**DATA SUPPLIED**
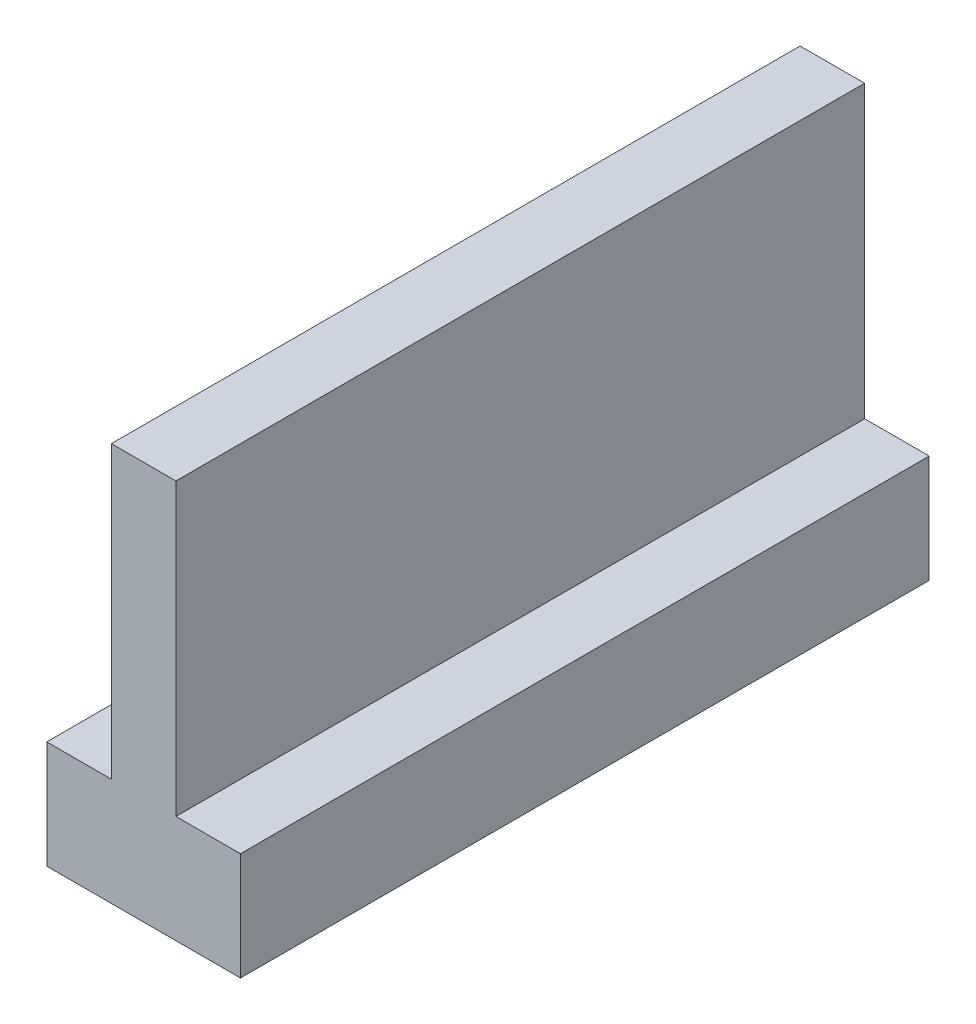
SolidWorks part; units mm, degrees
ref_plane "Front Plane" through (0, 0, 0) normal (0, 0, 1) x (1, 0, 0)
ref_plane "Top Plane" through (0, 0, 0) normal (0, 1, 0) x (1, 0, 0)
ref_plane "Right Plane" through (0, 0, 0) normal (1, 0, 0) x (0, 0, -1)
sketch "Sketch2" plane through (0, 0, 0) normal (0, 0, 1) x (1, 0, 0)
  line L0 (0, 0) -> (0, 10)
  line L1 (0, 10) -> (6, 10)
  line L2 (6, 10) -> (6, 37)
  line L8 (12, 37) -> (12, 10)
  line L9 (12, 10) -> (18, 10)
  line L10 (18, 10) -> (18, 0)
  line L11 (18, 0) -> (0, 0)
  line L12 (9, 0) -> (9, 37) construction
  line L13 (6, 37) -> (12, 37)
  dimension "D1" = 18
  dimension "D2" = 27
  dimension "D3" = 6
  dimension "D4" = 10
extrude "Boss-Extrude2" add sketch "Sketch2" along normal blind 64

**WHAT TO WORK ON**
What is wanted is an exact repetition of the lines from the one with "0) x (1, 0, 0)" through the last line of the material above, both ends included.

**RESULT BELOW**
ref_plane "Top Plane" through (0, 0, 0) normal (0, 1, 0) x (1, 0, 0)
ref_plane "Right Plane" through (0, 0, 0) normal (1, 0, 0) x (0, 0, -1)
sketch "Sketch2" plane through (0, 0, 0) normal (0, 0, 1) x (1, 0, 0)
  line L0 (0, 0) -> (0, 10)
  line L1 (0, 10) -> (6, 10)
  line L2 (6, 10) -> (6, 37)
  line L8 (12, 37) -> (12, 10)
  line L9 (12, 10) -> (18, 10)
  line L10 (18, 10) -> (18, 0)
  line L11 (18, 0) -> (0, 0)
  line L12 (9, 0) -> (9, 37) construction
  line L13 (6, 37) -> (12, 37)
  dimension "D1" = 18
  dimension "D2" = 27
  dimension "D3" = 6
  dimension "D4" = 10
extrude "Boss-Extrude2" add sketch "Sketch2" along normal blind 64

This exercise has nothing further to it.